Красивая, царственно неприступная и спокойная, она была настолько хороша, что у Анатолия слегка закружилась голова и перехватило дыхание. Не отрывая от нее глаз, он шагнул навстречу и остановился напротив.

– Как живешь? – Его вопрос прозвучал по-детски глупо и беззащитно, и Анатолий подумал о том, что, наверное, он выглядит нелепо и смешно.

– Я живу лучше всех, – ответила Светлана, всматриваясь в знакомые черты и пытаясь понять, что же такого было в этом человеке, которого она любила и который заставил ее пройти через боль незаслуженной обиды.

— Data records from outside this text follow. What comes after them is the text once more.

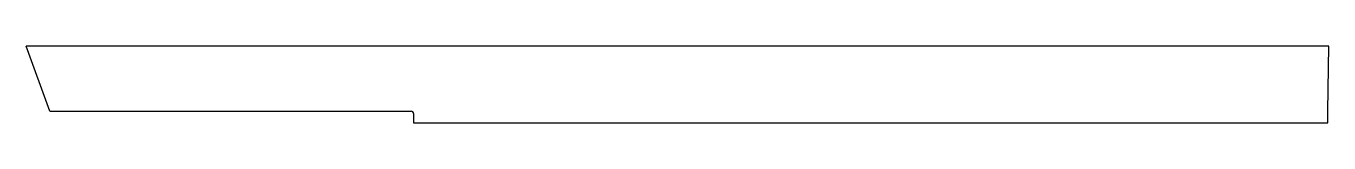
# Model space of a CAD drawing. Header units: inches. Extents: x 2 to 19.5, y 2 to 3.
import ezdxf

# ---------------------------------------------------------------- set-up
doc = ezdxf.new("R2010")
doc.units = ezdxf.units.IN
doc.header["$MEASUREMENT"] = 0
doc.layers.get('0').update_dxf_attribs({"linetype": 'CONTINUOUS'})

msp = doc.modelspace()

# ---------------------------------------------------------------- linework, layer by layer
for p, q in [((2.318, 2.156), (2, 3.031)), ((19.459, 3.031), (2, 3.031)), ((19.443, 2.156), (19.459, 3.031)), ((2.318, 2.156), (7.162, 2.156)), ((7.193, 2.125), (7.193, 2)), ((19.443, 2), (19.443, 2.156)), ((7.193, 2), (19.443, 2))]:
    msp.add_line(p, q)
msp.add_arc((7.162, 2.125), 0.0312, 0, 90)

doc.saveas('drawing.dxf')
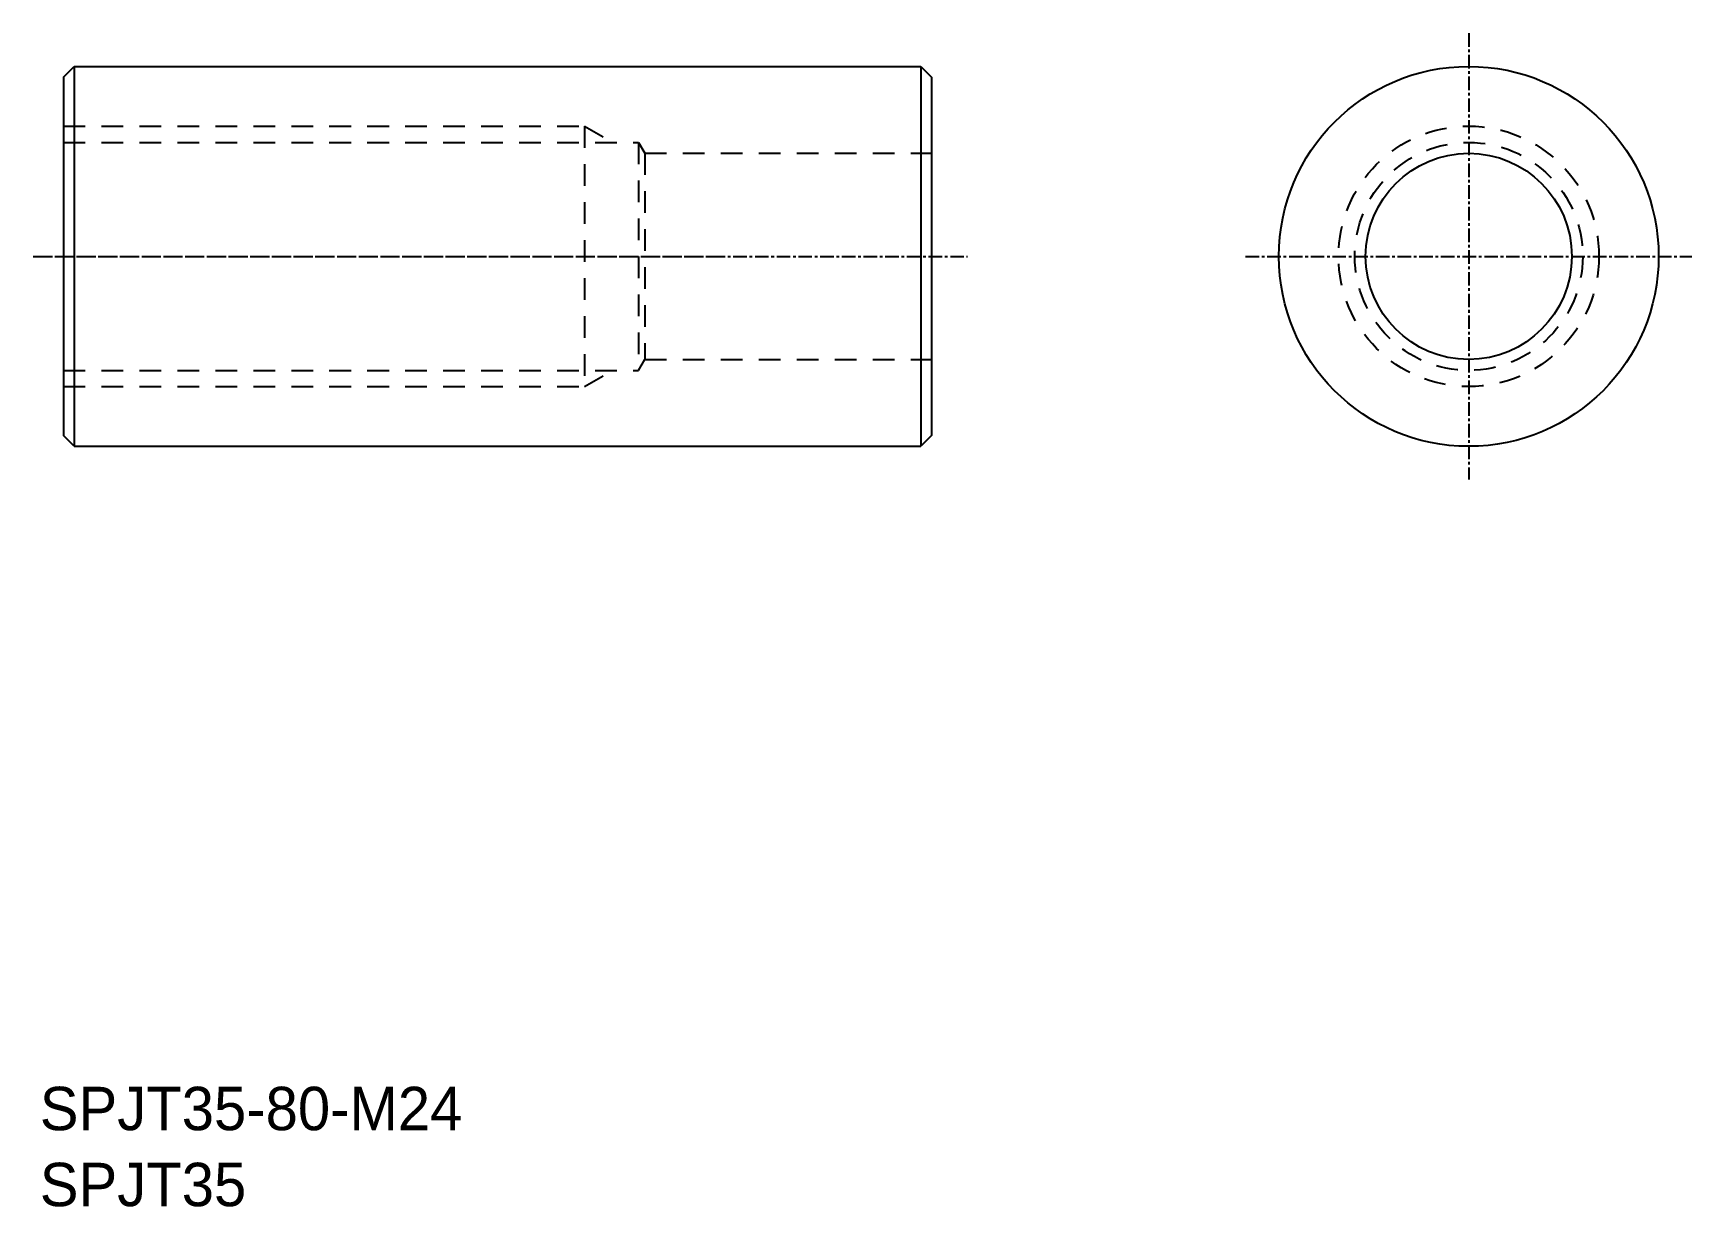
# Model space of a CAD drawing. Extents: x 273 to 426, y 74 to 182.
import ezdxf

# ---------------------------------------------------------------- set-up
doc = ezdxf.new("R2010")
doc.units = 0
doc.linetypes.add('CENTER', pattern=[2, 1.25, -0.25, 0.25, -0.25])
doc.linetypes.add('DASHED', pattern=[3.5, 2, -1.5])
doc.layers.get('0').update_dxf_attribs({"linetype": 'CONTINUOUS'})
doc.layers.add('CENTER', color=1, linetype='CENTER')

msp = doc.modelspace()

# ---------------------------------------------------------------- linework, layer by layer
at = {"color": 7, "linetype": 'CONTINUOUS'}
for p, q in [((276.12, 178.28), (277.12, 179.28)), ((277.12, 179.28), (355.12, 179.28)), ((277.12, 179.28), (277.12, 144.28)), ((355.12, 179.28), (355.12, 144.28)), ((355.12, 179.28), (356.12, 178.28)), ((276.12, 178.28), (276.12, 145.28)), ((356.12, 178.28), (356.12, 145.28)), ((277.12, 144.28), (276.12, 145.28)), ((356.12, 145.28), (355.12, 144.28)), ((277.12, 144.28), (355.12, 144.28))]:
    msp.add_line(p, q, dxfattribs=at)
for p, q in [((296.62, 179.28), (296.62, 179.28)), ((316.12, 179.28), (316.12, 179.28)), ((276.12, 173.78), (276.12, 149.78))]:
    msp.add_line(p, q)
at = {"color": 3, "linetype": 'DASHED'}
for p, q in [((276.12, 173.78), (324.12, 173.78)), ((324.12, 173.78), (324.12, 149.78)), ((324.12, 173.78), (326.72, 172.28)), ((276.12, 172.28), (329.12, 172.28)), ((329.12, 172.28), (329.12, 151.28)), ((329.12, 172.28), (329.7, 171.28)), ((329.7, 171.28), (356.12, 171.28)), ((329.7, 171.28), (329.7, 152.28)), ((329.12, 151.28), (329.7, 152.28)), ((329.7, 152.28), (356.12, 152.28)), ((276.12, 151.28), (329.12, 151.28)), ((324.12, 149.78), (326.72, 151.28)), ((276.12, 149.78), (324.12, 149.78))]:
    msp.add_line(p, q, dxfattribs=at)
at = {"color": 7, "linetype": 'CONTINUOUS'}
for radius in [17.5, 9.5]:
    msp.add_circle((405.62, 161.78), radius, dxfattribs=at)
at = {"color": 3, "linetype": 'DASHED'}
for radius in [12, 10.5]:
    msp.add_circle((405.62, 161.78), radius, dxfattribs=at)
at = {"layer": 'CENTER', "color": 1, "linetype": 'CENTER'}
for p, q in [((405.62, 182.34), (405.62, 141.22)), ((273.33, 161.78), (336.53, 161.78)), ((273.85, 161.78), (359.44, 161.78)), ((385.06, 161.78), (426.18, 161.78))]:
    msp.add_line(p, q, dxfattribs=at)

# ---------------------------------------------------------------- texts
at = {"color": 7, "linetype": 'CONTINUOUS'}
for s, p in [('SPJT35-80-M24', (273.94, 81.27)), ('SPJT35', (273.94, 74.27))]:
    msp.add_text(s, height=4, dxfattribs=at).set_placement(p)

doc.saveas('drawing.dxf')
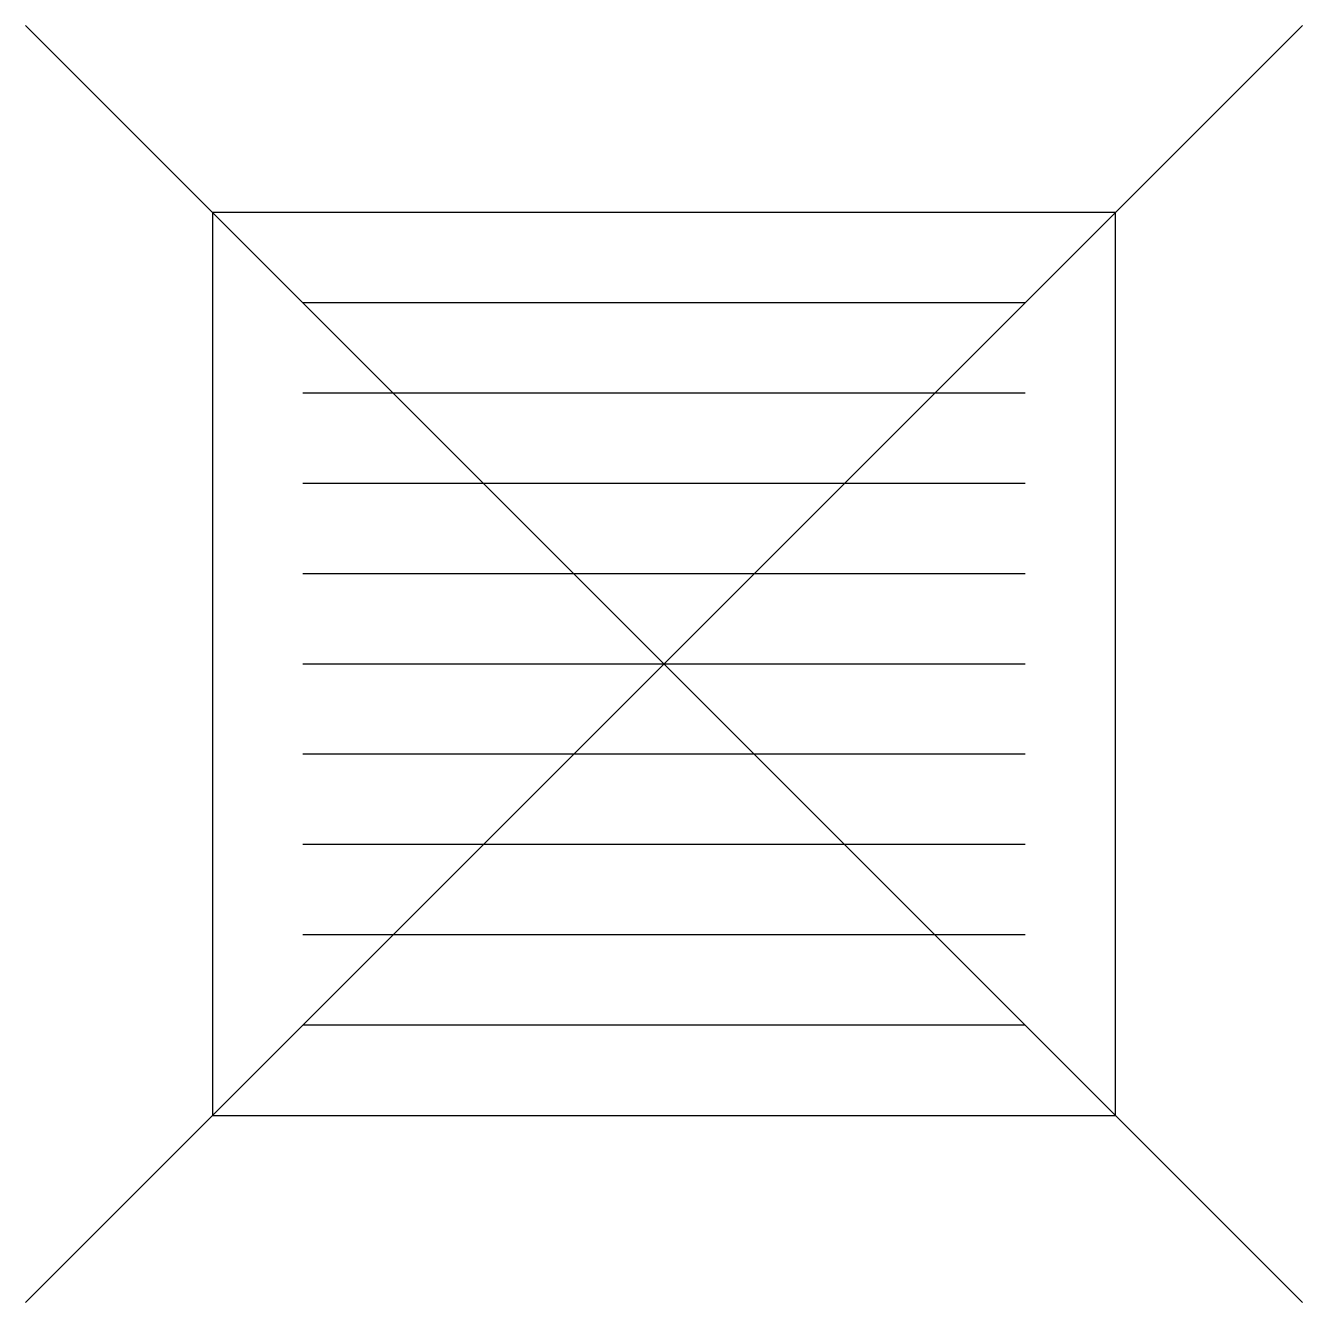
# Model space of a CAD drawing. Header units: metres. Extents: x -0.212 to 0.212, y -0.362 to 0.062.
import ezdxf

# ---------------------------------------------------------------- set-up
doc = ezdxf.new("R2010")
doc.units = ezdxf.units.M
doc.header["$MEASUREMENT"] = 0

msp = doc.modelspace()

# ---------------------------------------------------------------- linework, layer by layer
at = {"ltscale": 0.001, "flags": 128}
for points in [[(0.21213, 0.06213), (-0.21213, -0.36213)], [(0.21213, -0.36213), (-0.21213, 0.06213)]]:
    msp.add_lwpolyline(points, dxfattribs=at)
at = {"flags": 128}
for points in [[(0.12, -0.03), (-0.12, -0.03)], [(0.12, -0.06), (-0.12, -0.06)], [(0.12, -0.09), (-0.12, -0.09)], [(0.12, -0.12), (-0.12, -0.12)], [(0.12, -0.15), (-0.12, -0.15)], [(0.12, -0.18), (-0.12, -0.18)], [(0.12, -0.21), (-0.12, -0.21)], [(0.12, -0.24), (-0.12, -0.24)], [(0.12, -0.27), (-0.12, -0.27)]]:
    msp.add_lwpolyline(points, dxfattribs=at)
msp.add_3dface([(-0.15, -0.3), (0.15, -0.3), (0.15, 0), (-0.15, 0)])

doc.saveas('drawing.dxf')
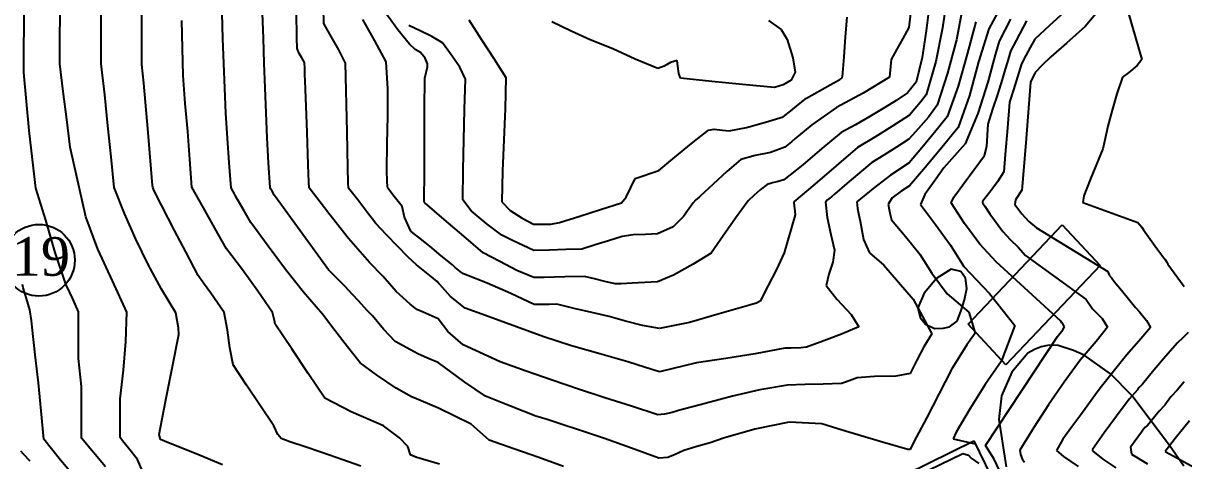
# Model space of a CAD drawing. Header units: millimetres. Extents: x 21147 to 21795, y 3328 to 3821.
# Drawn here: x 21317.5 to 21434.8, y 3493.8 to 3538 of the extents above; entities that cross this region are included whole.
import ezdxf

# ---------------------------------------------------------------- set-up
doc = ezdxf.new("R2010")
doc.units = ezdxf.units.MM
doc.header["$MEASUREMENT"] = 0
for name, color, linetype in [('CURVAS', 43, 'Continuous'), ('EDIFICADO', 1, 'Continuous'), ('PEDRAS', 3, 'Continuous'), ('texto', 3, 'Continuous')]:
    doc.layers.add(name, color=color, linetype=linetype)
doc.styles.add('ROMANS', font='TIMES.TTF')

msp = doc.modelspace()

# ---------------------------------------------------------------- linework, layer by layer
at = {"layer": 'CURVAS', "linetype": 'Continuous'}
for p, q in [((21410.92, 3541.02), (21410.41, 3537.49)), ((21317.57, 3537.73), (21317.6, 3540.11)), ((21347.86, 3537.94), (21347.82, 3539.55)), ((21355.34, 3537.29), (21353.39, 3539.99)), ((21407.31, 3540.05), (21406.99, 3537.53)), ((21409.08, 3539.9), (21408.75, 3537.19)), ((21412.46, 3539.7), (21411.81, 3536.28)), ((21416.39, 3539.82), (21415.07, 3537.4)), ((21321.19, 3536.37), (21321.21, 3538.9)), ((21325.37, 3536.4), (21325.37, 3538.93)), ((21329.48, 3536.36), (21329.46, 3538.9)), ((21337.67, 3536.44), (21337.6, 3538.96)), ((21341.76, 3536.47), (21341.68, 3538.99)), ((21345.15, 3536.51), (21345.1, 3539.13)), ((21353.01, 3536.19), (21351.8, 3538.34)), ((21400.6, 3536.58), (21400.76, 3538.59)), ((21417.29, 3538.37), (21416.13, 3536.14)), ((21422.72, 3539.12), (21421.2, 3537.71)), ((21425.91, 3538.93), (21424.83, 3537.65)), ((21429.22, 3538.95), (21429.88, 3536.64)), ((21317.54, 3535.36), (21317.57, 3537.73)), ((21333.56, 3535.46), (21333.52, 3538.23)), ((21348.62, 3536.62), (21347.86, 3537.94)), ((21356.52, 3535.86), (21355.34, 3537.29)), ((21357.6, 3537.2), (21356.46, 3537.74)), ((21358.77, 3536.63), (21357.6, 3537.2)), ((21362.52, 3538.3), (21363.78, 3536.37)), ((21372.86, 3537.17), (21370.92, 3538.12)), ((21374.8, 3536.3), (21372.86, 3537.17)), ((21392.81, 3538.24), (21394.11, 3537.35)), ((21394.11, 3537.35), (21394.7, 3536.34)), ((21406.99, 3537.53), (21406.4, 3536.42)), ((21408.75, 3537.19), (21408.33, 3534.52)), ((21410.41, 3537.49), (21409.73, 3534.09)), ((21413.77, 3538.1), (21412.91, 3534.86)), ((21415.07, 3537.4), (21414.04, 3534.06)), ((21417.89, 3536.21), (21418.93, 3538.2)), ((21421.2, 3537.71), (21419.72, 3536.37)), ((21424.83, 3537.65), (21422.95, 3535.95)), ((21321.19, 3533.85), (21321.19, 3536.37)), ((21325.37, 3533.87), (21325.37, 3536.4)), ((21329.48, 3533.81), (21329.48, 3536.36)), ((21337.75, 3533.91), (21337.67, 3536.44)), ((21341.84, 3533.95), (21341.76, 3536.47)), ((21345.16, 3535.41), (21345.15, 3536.51)), ((21349.39, 3535.28), (21348.62, 3536.62)), ((21354.17, 3534.06), (21353.01, 3536.19)), ((21359.86, 3536), (21358.77, 3536.63)), ((21360.68, 3534.87), (21359.86, 3536)), ((21363.78, 3536.37), (21365.04, 3534.42)), ((21377.07, 3535.39), (21374.8, 3536.3)), ((21394.7, 3536.34), (21395.27, 3534.46)), ((21400.45, 3534.57), (21400.6, 3536.58)), ((21406.4, 3536.42), (21405.8, 3535.34)), ((21411.81, 3536.28), (21410.9, 3532.94)), ((21416.13, 3536.14), (21415.74, 3534.77)), ((21417.32, 3535.14), (21417.89, 3536.21)), ((21419.72, 3536.37), (21419.27, 3535.53)), ((21429.88, 3536.64), (21430.55, 3534.32)), ((21317.53, 3533), (21317.54, 3535.36)), ((21333.64, 3532.7), (21333.56, 3535.46)), ((21345.37, 3534.92), (21345.16, 3535.41)), ((21345.64, 3534.46), (21345.37, 3534.92)), ((21350.05, 3533.95), (21349.39, 3535.28)), ((21357.08, 3535.33), (21356.52, 3535.86)), ((21357.63, 3535), (21357.08, 3535.33)), ((21358.1, 3534.44), (21357.63, 3535)), ((21361.62, 3533.53), (21360.68, 3534.87)), ((21379.34, 3534.33), (21377.07, 3535.39)), ((21405.8, 3535.34), (21405.22, 3534.29)), ((21412.91, 3534.86), (21411.98, 3531.6)), ((21417.06, 3534.3), (21417.32, 3535.14)), ((21419.27, 3535.53), (21418.83, 3534.7)), ((21422.95, 3535.95), (21421.35, 3534.57)), ((21321.52, 3531.06), (21321.19, 3533.85)), ((21325.71, 3530.72), (21325.37, 3533.87)), ((21329.66, 3531.9), (21329.48, 3533.81)), ((21337.85, 3531.4), (21337.75, 3533.91)), ((21341.93, 3531.43), (21341.84, 3533.95)), ((21345.91, 3534), (21345.64, 3534.46)), ((21345.93, 3533.38), (21345.91, 3534)), ((21350.21, 3526.99), (21350.05, 3533.95)), ((21354.32, 3531.35), (21354.17, 3534.06)), ((21358.33, 3533.87), (21358.1, 3534.44)), ((21358.33, 3533.57), (21358.33, 3533.87)), ((21358.33, 3533.69), (21358.33, 3533.87)), ((21365.04, 3534.42), (21366.27, 3532.47)), ((21381.61, 3533.38), (21379.34, 3534.33)), ((21382.91, 3533.99), (21382.25, 3533.62)), ((21383.58, 3534.19), (21382.91, 3533.99)), ((21383.64, 3533.62), (21383.58, 3534.19)), ((21395.27, 3534.46), (21395.52, 3533.04)), ((21400.29, 3532.56), (21400.45, 3534.57)), ((21405.22, 3534.29), (21405.15, 3533.6)), ((21408.33, 3534.52), (21407.73, 3532)), ((21409.73, 3534.09), (21408.74, 3530.73)), ((21414.04, 3534.06), (21413.14, 3530.67)), ((21415.74, 3534.77), (21415.36, 3533.4)), ((21416.68, 3532.98), (21417.06, 3534.3)), ((21418.39, 3533.87), (21417.99, 3532.55)), ((21418.83, 3534.7), (21418.39, 3533.87)), ((21420.48, 3533.74), (21419.77, 3532.99)), ((21421.35, 3534.57), (21420.48, 3533.74)), ((21430.08, 3533.69), (21429.23, 3533)), ((21430.55, 3534.32), (21430.08, 3533.69)), ((21317.81, 3530.06), (21317.53, 3533)), ((21333.86, 3529.86), (21333.64, 3532.7)), ((21345.94, 3532.76), (21345.93, 3533.38)), ((21345.96, 3532.15), (21345.94, 3532.76)), ((21358.07, 3532.43), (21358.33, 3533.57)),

– А я вот… – Он кивнул на стоящую рядом Оксану и натужно повел головой, словно пытаясь освободиться от душившего воротничка. – Я женился.

– Поздравляю, – тихо проговорила Светлана, – от знакомых интонаций ее голоса Анатолию стало больно и сладко одновременно. Почувствовав знакомый аромат терпких духов, ему вдруг захотелось прижаться к ее волосам, коснуться ладонью ее плеча.

– Светлячок, знаешь… – начал он и заметил, как в ее глазах что-то мелькнуло. – Мы все иногда совершаем много такого, о чем…

– Надо же, Толечек, – вдруг над самым его ухом прозвучал резкий голос Ксюхи, – мы здесь столько переминаемся с ноги на ногу, а ты еще не познакомил меня с моей второй мамой! – Ксюха шагнула к Анатолию и, взяв его под руку, преувеличенно почтительно кивнула Светлане: – Надо же, не знала; что вместе с замужеством я приобрету столько родственников в нагрузку. Когда мы с тобой познакомились, Толечек, ты вел себя как круглый сирота.

– Зато ты тщательно скрывала, что круглая дура! – зло оборвал ее он и, ухватив за руку, попытался оттащить в сторону. – Что за цирк ты здесь устроила? Какого черта ты позоришь меня перед всеми родственниками?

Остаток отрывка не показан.